Наиболее изящным из сооружений, восходивших к той же эпохе, когда Екатерина еще любила свой Ораниенбаум, был сохранившийся до наших дней и нисколько не пострадавший Китайский дворец. Это совершенно единственный в своем роде архитектурный памятник, в сооружении и украшении которого участвовали те же Ринальди, Бароцци и Торелли. К наибольшим диковинам этого дворца принадлежит длинная зала, стены которой заделаны деревянными панно в китайском вкусе, а в потолке протянут большой продолговатый плафон, приписывавшийся Девельи и изображающий какую-то китайскую церемонию. Вообще же только этот очень просторный биллиардный зал оправдывал наименование «Китайский дворец», приданное всему одноэтажному зданию. Согласно преданию, именно эту прохладную, темноватую (из-за обшивки стен и густых драпировок на окнах) комнату особенно любила Екатерина, и ее же избрала себе обычным пребыванием принцесса Елена — единственная дочь великой княгини Екатерины Михайловны, сестра помянутых герцогов Мекленбургских. Я помнил ее еще совсем молодой, теперь же это была дама лет сорока пяти, несколько отяжелевшая, с классически правильными, но малопривлекательными чертами лица. Несколько лет до того и тогда уже, когда она рисковала быть навсегда зачисленной в разряд старых невест, — она вышла замуж за уже совершенно седовласого принца Саксен-Альтенбургского, но брак этот был чисто «резонным»: муж продолжал жить почти безвыездно за границей, поручив наблюдение за воспитанием своих дочерей от первого брака Елене Георгиевне.
Что именно принцессе Елене досталась такая жемчужина, как Китайский дворец, можно почитать за особое счастье. Обладая такой же чисто немецкой страстью к порядку, как ее брат Михаил Георгиевич, она все же имела и достаточный исторический пиетет, чтобы отказаться вносить, под предлогом реставрации, какое-либо усовершенствование и переделки в порученном ее ведению художественном перворазрядном памятнике. Содержала она дворец и всю примыкающую к нему часть парка в удивительном порядке, однако ничего нигде не восстанавливала и не добавляла, а на всякие представления своего архитектора господина Марфельда она неизменно отвечала: «Так было при мама, так пусть и остается».
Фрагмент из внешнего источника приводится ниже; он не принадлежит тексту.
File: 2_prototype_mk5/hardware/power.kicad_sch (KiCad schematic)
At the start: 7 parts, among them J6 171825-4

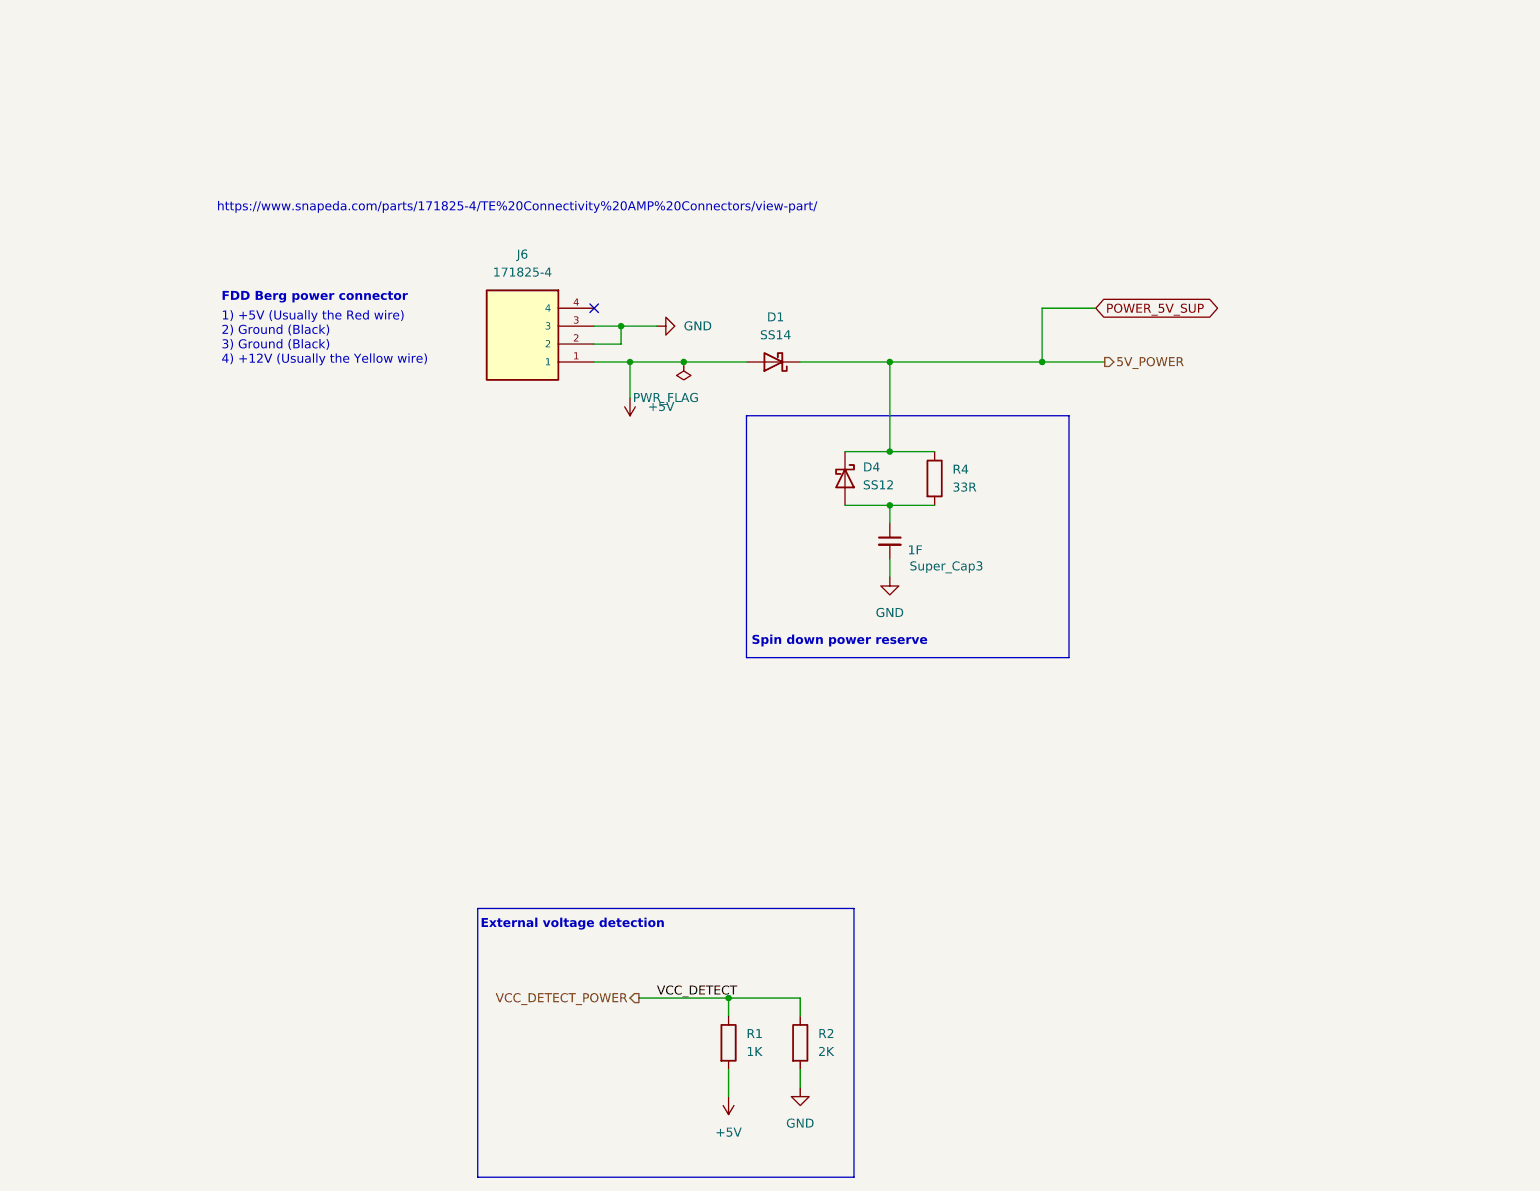
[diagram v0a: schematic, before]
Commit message: MKV - SATA connector and wiring complete
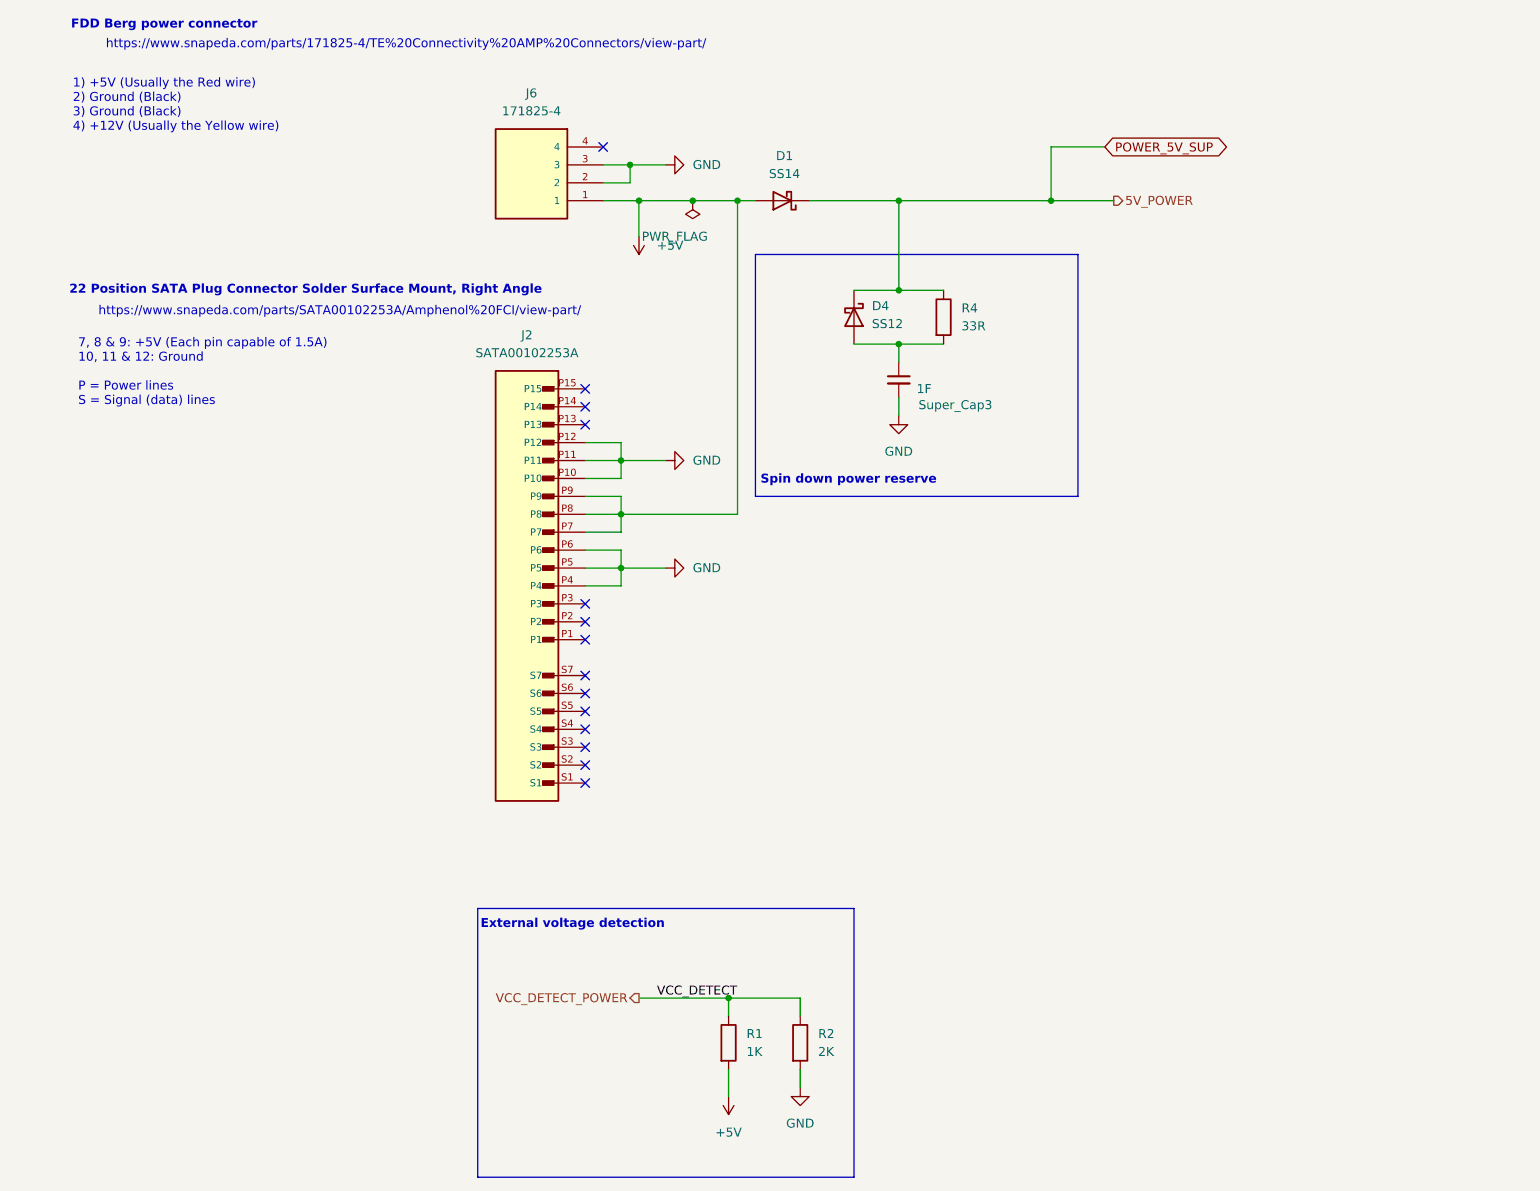
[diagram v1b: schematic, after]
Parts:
- added J2: SATA00102253A, Connector_SATA_SAS:SATA_Amphenol_10029364-001LF_Horizontal, symbol Project symbols:SATA00102253A
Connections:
- net +5V: now also J2.P7, J2.P8, J2.P9
- net GND: now also J2.P10, J2.P11, J2.P12, J2.P4, J2.P5, J2.P6
- no-connect marks 1 -> 14
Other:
- note added: "22 Position SATA Plug Connector Solder Surface Mount, Right Angle"
- note added: "7, 8 & 9: +5V (Each pin capable of 1.5A) 10, 11 & 12: Ground P = Power lines S = Signal (data) lines"
- note added: "https://www.snapeda.com/parts/SATA00102253A/Amphenol%20FCI/view-part/"
- moved on the sheet: D1, D4, J6, R4, Super_Cap3

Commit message: Major MKV redesign using embedded RP2350
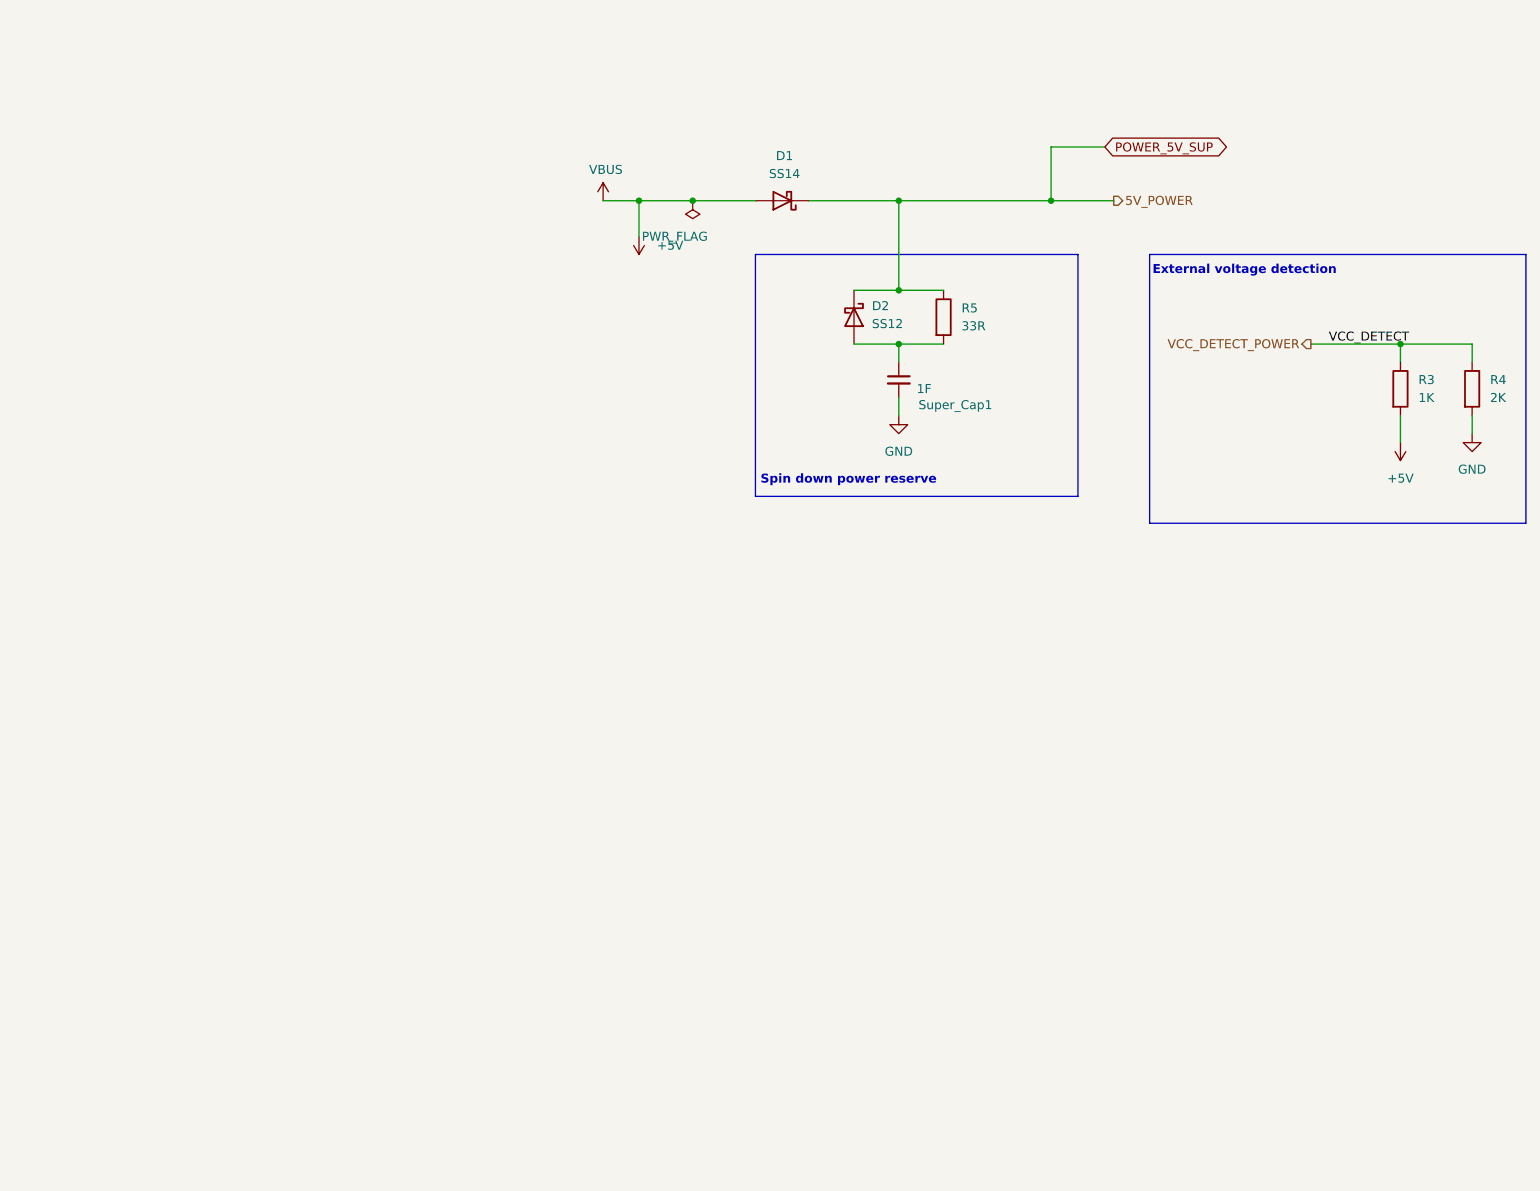
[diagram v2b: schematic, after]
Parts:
- removed J2: SATA00102253A, Connector_SATA_SAS:SATA_Amphenol_10029364-001LF_Horizontal, symbol Project symbols:SATA00102253A
- removed J6: 171825-4, Custom:TE_171825-4, symbol Project symbols:171825-4
- renumbered D4 to D2, R1 to R3, R2 to R4, R4 to R5, Super_Cap3 to Super_Cap1
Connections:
- no-connect marks 14 -> 0
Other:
- note removed: "1) +5V (Usually the Red wire) 2) Ground (Black) 3) Ground (Black) 4) +12V (Usually the Yellow wire)"
- note removed: "22 Position SATA Plug Connector Solder Surface Mount, Right Angle"
- note removed: "7, 8 & 9: +5V (Each pin capable of 1.5A) 10, 11 & 12: Ground P = Power lines S = Signal (data) lines"
- note removed: "FDD Berg power connector"
- note removed: "https://www.snapeda.com/parts/171825-4/TE%20Connectivity%20AMP%20Connectors/view-part/"
- note removed: "https://www.snapeda.com/parts/SATA00102253A/Amphenol%20FCI/view-part/"
- moved on the sheet: R3, R4

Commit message: MKV: Add LCSC numbers and resolve DRC errors
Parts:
- D1: LCSC_Part_Number (none) -> C2480
- D2: LCSC_Part_Number C184027 -> C2479
- R3: LCSC_Part_Number (none) -> C21190
- R4: LCSC_Part_Number (none) -> C4184

Лицо принцессы часто портила какая-то кислая усмешка; возможно, что то был отблеск тех милостивых улыбок, которыми дарила ее бабка великая княгиня Елена Павловна, а то и несравненно более знаменитая прапрабабушка — Екатерина II. Такой именно усмешкой реагировала принцесса и на мое обращение к ней с просьбой разрешить мне увековечить в моих «Сокровищах» ее прелестный дворец, и уже я успел подумать, что просьба моя отклонена, как тут же принцесса согласилась и объявила, что могу начать свою работу хоть на следующий день после того, что она покинет на часть лета Ораниенбаум, а что до того — она будет всегда рада меня видеть у себя. Вообще под наружностью не очень приветливой в ней крылось неожиданное большое доброжелательство. Лучше изучив ее со временем, я понял, что вся ее брезгливая надменность была напускная и, по всей вероятности, скрывала непреодолимую стеснительность. Пожалуй, это она требовала от собеседника известного ободрения! Зато когда такое ободрение получалось, то беседа с ней теряла всякую принужденность, и она была даже не прочь изливаться, переходя от тем исторически-политических (в ее отношении к русскому строю звучал слегка тот уклон к либерализму, который слышался и в речах великого князя Николая Михайловича) к темам художественным и, особенно, к музыке. Ведь в качестве музыкальной одаренности она не уступала брату Георгию, но ее главная сила была пение, а ее любимый автор — И. С. Бах. Обладая прекрасным, полнозвучным, сочным голосом и отлично владея им, она могла бы занять первенствующее место среди певиц — исполнительниц Баха, но ранг и природное смущение не допускали того. Тем не менее, ободряемая поклонниками, она изредка преодолевала свою робость перед публичным выступлением и давала в своем грандиозном Каменноостровском дворце концерты, в которых наиболее ценной участницей была она сама в своем излюбленном строгом репертуаре.